Your objective: Look below for the lines from the one with "JTAG_RESET: IC3.14 (NRST), JTAG.10 (!RESET)" to the one with "M4_PWM: IC3.40 (PE9);", and copy exactly those lines, both ends included.

Records from a dataset:
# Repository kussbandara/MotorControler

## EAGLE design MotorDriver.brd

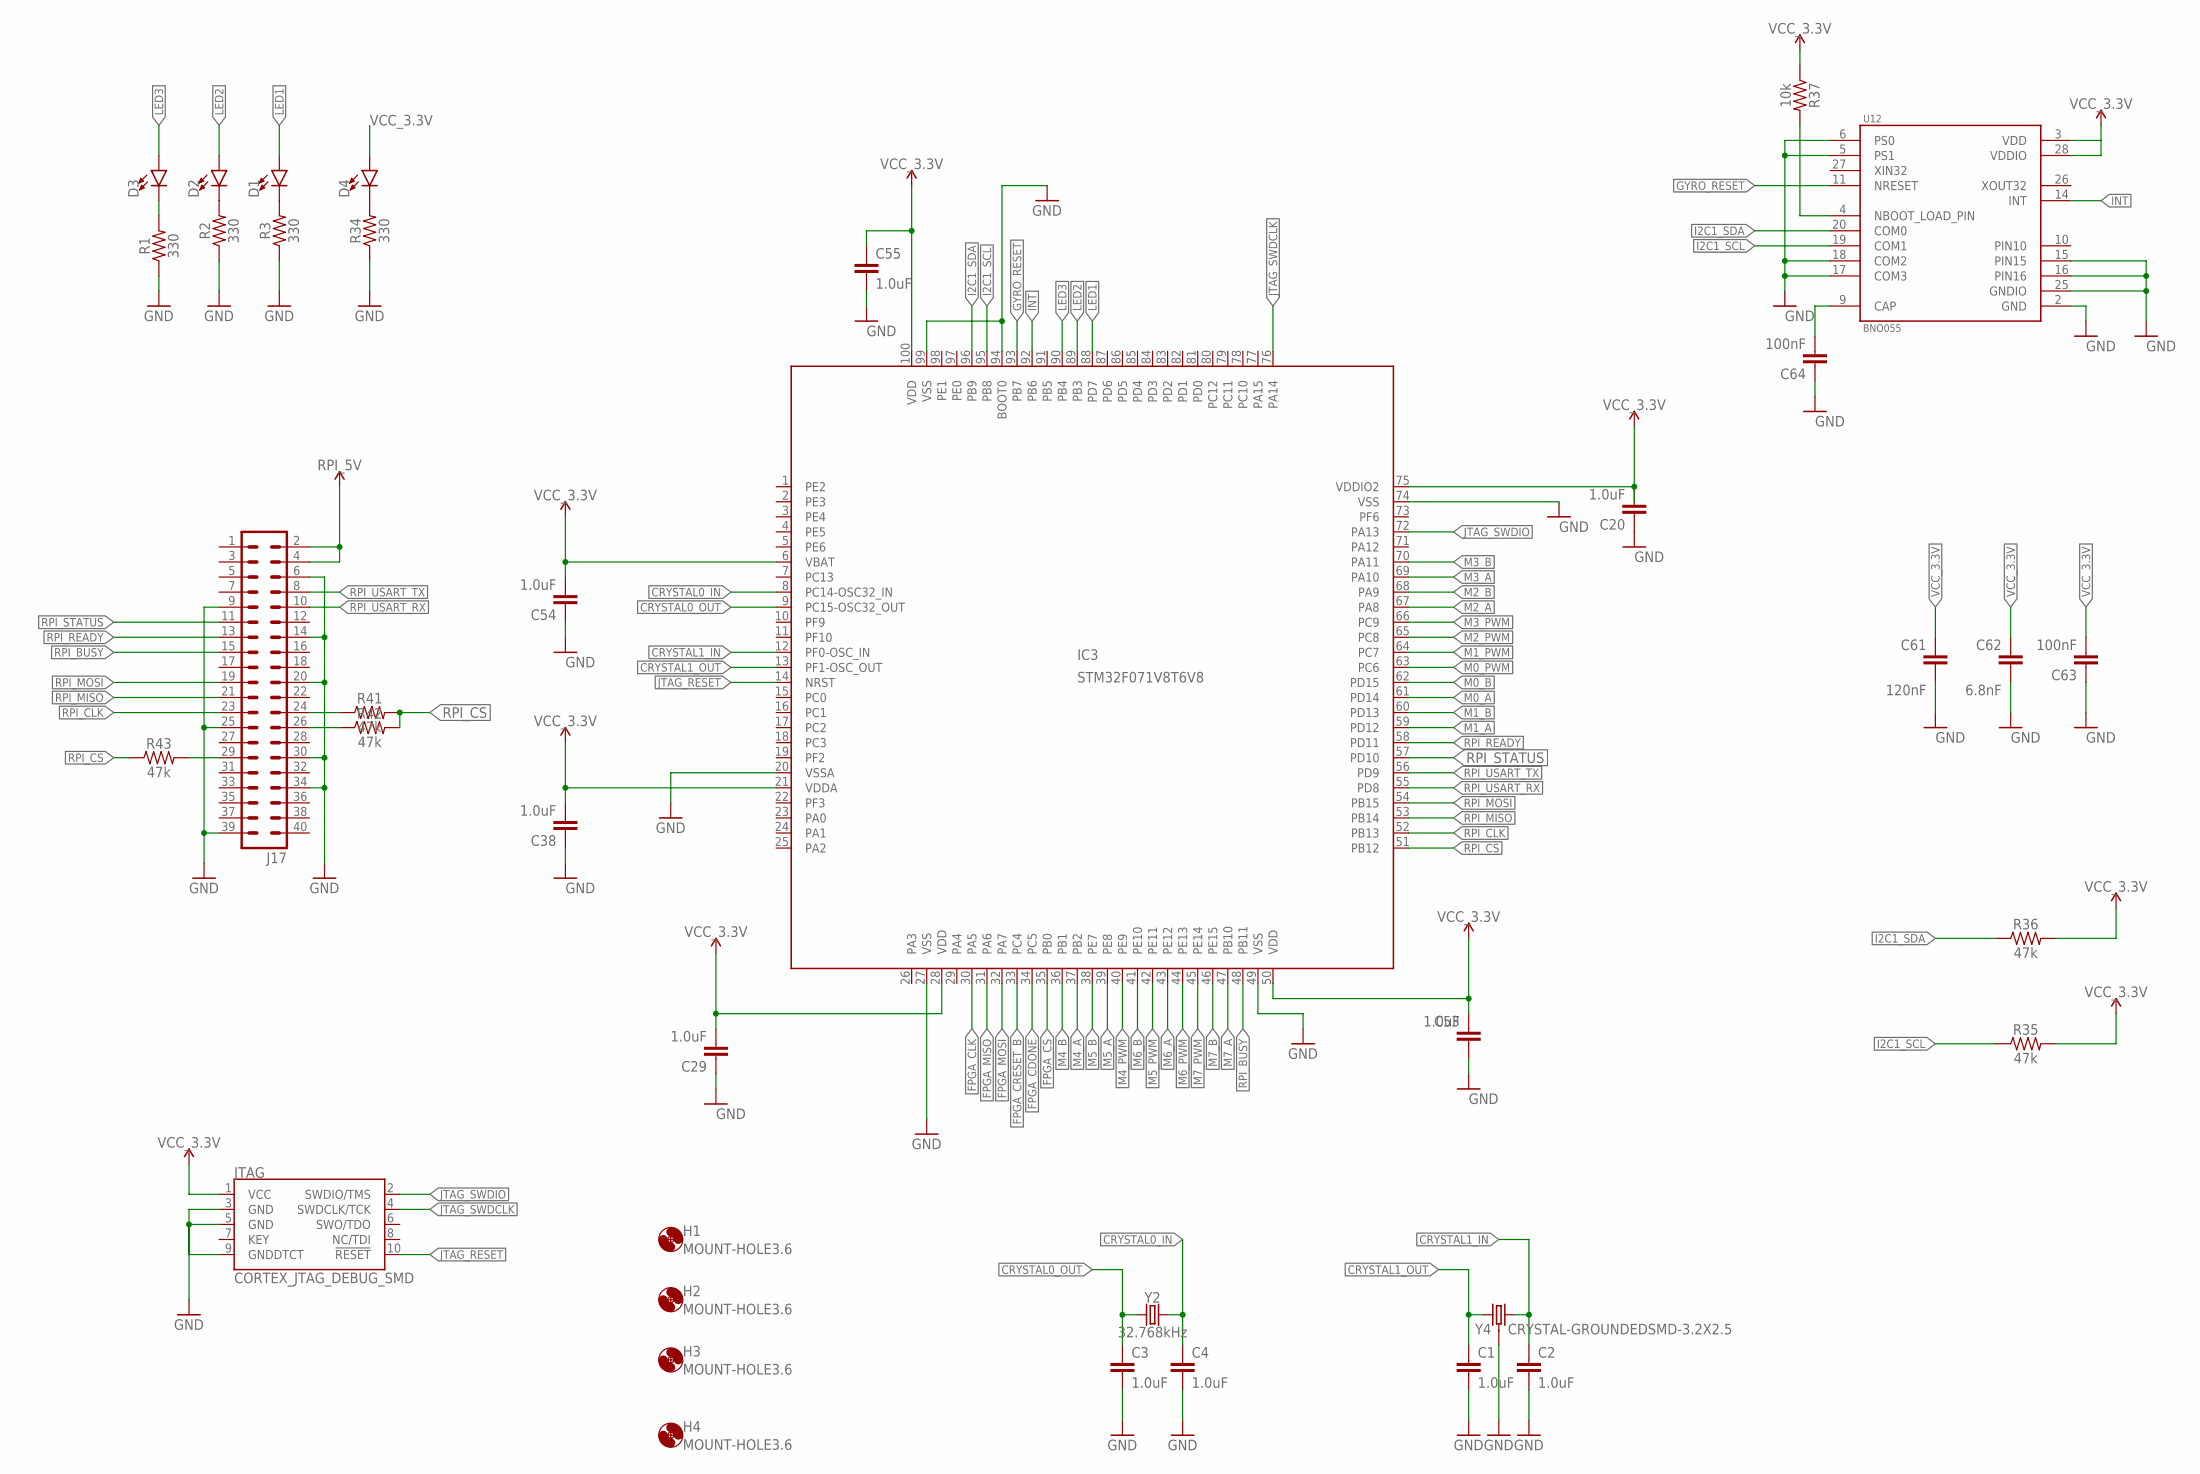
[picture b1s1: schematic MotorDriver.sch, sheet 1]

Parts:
C1, C2, C3, C4, C20, C29, C38, C53, C54, C55: 1.0uF; 0402-TIGHT
C61: 120nF; 0402-TIGHT
C62: 6.8nF; 0402-TIGHT
C63, C64: 100nF; 0402-TIGHT
D1, D2, D3, D4: LED0603; LED-0603
H1, H2, H3, H4: MOUNT-HOLE3.6; 3,6
IC3: STM32F071V8T6V8; LQFP100_14X14
J17: MA20-2
JTAG: CORTEX_JTAG_DEBUG_SMD; 2X5-SMD-1.27MM
R1, R2, R3, R34: 330; 0603
R35, R36, R41, R42, R43: 47k; 0402-TIGHT
R37: 10k; 0402-TIGHT
U12: BNO055; LGA28R50P4X10_380X520X100
Y2: 32.768kHz; CRYSTAL-SMD-3.2X1.5MM
Y4: CRYSTAL-GROUNDEDSMD-3.2X2.5; CRYSTAL-SMD-3.2X2.5MM

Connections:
CRYSTAL0_IN: C4.1, IC3.8 (PC14-OSC32_IN), Y2.P$2 (2)
CRYSTAL0_OUT: C3.1, IC3.9 (PC15-OSC32_OUT), Y2.P$1 (1)
CRYSTAL1_IN: C2.1, IC3.12 (PF0-OSC_IN), Y4.3 (2)
CRYSTAL1_OUT: C1.1, IC3.13 (PF1-OSC_OUT), Y4.1
FPGA_CDONE: IC3.34 (PC5); also elsewhere on the board
FPGA_CLK: IC3.30 (PA5); also elsewhere on the board
FPGA_CRESET_B: IC3.33 (PC4); also elsewhere on the board
FPGA_CS: IC3.35 (PB0); also elsewhere on the board
FPGA_MISO: IC3.31 (PA6); also elsewhere on the board
FPGA_MOSI: IC3.32 (PA7); also elsewhere on the board
GND: C1.2, C2.2, C3.2, C4.2, C20.1, C29.1, C38.1, C53.1, C54.1, C55.2, C61.1, C62.1, C63.1, C64.1, IC3.20 (VSSA), IC3.27 (VSS), IC3.49 (VSS), IC3.74 (VSS), IC3.94 (BOOT0), IC3.99 (VSS), J17.6, J17.9, J17.14, J17.20, J17.25, J17.30, J17.34, J17.39, JTAG.3 (GND), JTAG.5 (GND), JTAG.9 (GNDDTCT), R1.1, R2.1, R3.1, R34.1, U12.2 (GND), U12.5 (PS1), U12.6 (PS0), U12.15 (PIN15), U12.16 (PIN16), U12.17 (COM3), U12.18 (COM2), U12.25 (GNDIO), Y4.2 (3), Y4.4 (3); also elsewhere on the board
GYRO_RESET: IC3.93 (PB7), U12.11 (NRESET)
I2C1_SCL: IC3.95 (PB8), R35.1, U12.19 (COM1)
I2C1_SDA: IC3.96 (PB9), R36.1, U12.20 (COM0)
INT: IC3.92 (PB6), U12.14 (INT)
JTAG_RESET: IC3.14 (NRST), JTAG.10 (!RESET)
JTAG_SWDCLK: IC3.76 (PA14), JTAG.4 (SWDCLK/TCK)
JTAG_SWDIO: IC3.72 (PA13), JTAG.2 (SWDIO/TMS)
LED1: D1.A, IC3.88 (PD7)
LED2: D2.A, IC3.89 (PB3)
LED3: D3.A, IC3.90 (PB4)
M0_A: IC3.61 (PD14); also elsewhere on the board
M0_B: IC3.62 (PD15); also elsewhere on the board
M0_PWM: IC3.63 (PC6); also elsewhere on the board
M1_A: IC3.59 (PD12); also elsewhere on the board
M1_B: IC3.60 (PD13); also elsewhere on the board
M1_PWM: IC3.64 (PC7); also elsewhere on the board
M2_A: IC3.67 (PA8); also elsewhere on the board
M2_B: IC3.68 (PA9); also elsewhere on the board
M2_PWM: IC3.65 (PC8); also elsewhere on the board
M3_A: IC3.69 (PA10); also elsewhere on the board
M3_B: IC3.70 (PA11); also elsewhere on the board
M3_PWM: IC3.66 (PC9); also elsewhere on the board
M4_A: IC3.37 (PB2); also elsewhere on the board
M4_B: IC3.36 (PB1); also elsewhere on the board
M4_PWM: IC3.40 (PE9); also elsewhere on the board
M5_A: IC3.39 (PE8); also elsewhere on the board
M5_B: IC3.38 (PE7); also elsewhere on the board
M5_PWM: IC3.42 (PE11); also elsewhere on the board
M6_A: IC3.43 (PE12); also elsewhere on the board
M6_B: IC3.41 (PE10); also elsewhere on the board
M6_PWM: IC3.44 (PE13); also elsewhere on the board
M7_A: IC3.47 (PB10); also elsewhere on the board
M7_B: IC3.46 (PE15); also elsewhere on the board
M7_PWM: IC3.45 (PE14); also elsewhere on the board
unnamed: D3.C, R1.2
unnamed: D2.C, R2.2
unnamed: D1.C, R3.2
unnamed: D4.C, R34.2
unnamed: R37.2, U12.4 (NBOOT_LOAD_PIN)
unnamed: C64.2, U12.9 (CAP)
unnamed: J17.24, R41.1
unnamed: J17.26, R42.1
unnamed: J17.29, R43.2
PF3: IC3.22 (PF3)
PIN10: U12.10 (PIN10)
RPI_5V: J17.2, J17.4; also elsewhere on the board
RPI_BUSY: IC3.48 (PB11), J17.15
RPI_CLK: IC3.52 (PB13), J17.23
RPI_CS: IC3.51 (PB12), R41.2, R42.2, R43.1
RPI_MISO: IC3.53 (PB14), J17.21
RPI_MOSI: IC3.54 (PB15), J17.19
RPI_READY: IC3.58 (PD11), J17.13
RPI_STATUS: IC3.57 (PD10), J17.11
RPI_USART_RX: IC3.55 (PD8), J17.10
RPI_USART_TX: IC3.56 (PD9), J17.8
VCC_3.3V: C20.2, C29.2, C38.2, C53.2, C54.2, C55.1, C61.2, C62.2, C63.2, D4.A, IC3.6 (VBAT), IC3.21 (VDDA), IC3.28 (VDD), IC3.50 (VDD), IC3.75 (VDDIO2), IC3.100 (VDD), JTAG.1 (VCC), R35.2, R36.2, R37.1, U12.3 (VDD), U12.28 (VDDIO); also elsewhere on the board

Response to this exercise:
JTAG_RESET: IC3.14 (NRST), JTAG.10 (!RESET)
JTAG_SWDCLK: IC3.76 (PA14), JTAG.4 (SWDCLK/TCK)
JTAG_SWDIO: IC3.72 (PA13), JTAG.2 (SWDIO/TMS)
LED1: D1.A, IC3.88 (PD7)
LED2: D2.A, IC3.89 (PB3)
LED3: D3.A, IC3.90 (PB4)
M0_A: IC3.61 (PD14); also elsewhere on the board
M0_B: IC3.62 (PD15); also elsewhere on the board
M0_PWM: IC3.63 (PC6); also elsewhere on the board
M1_A: IC3.59 (PD12); also elsewhere on the board
M1_B: IC3.60 (PD13); also elsewhere on the board
M1_PWM: IC3.64 (PC7); also elsewhere on the board
M2_A: IC3.67 (PA8); also elsewhere on the board
M2_B: IC3.68 (PA9); also elsewhere on the board
M2_PWM: IC3.65 (PC8); also elsewhere on the board
M3_A: IC3.69 (PA10); also elsewhere on the board
M3_B: IC3.70 (PA11); also elsewhere on the board
M3_PWM: IC3.66 (PC9); also elsewhere on the board
M4_A: IC3.37 (PB2); also elsewhere on the board
M4_B: IC3.36 (PB1); also elsewhere on the board
M4_PWM: IC3.40 (PE9); also elsewhere on the board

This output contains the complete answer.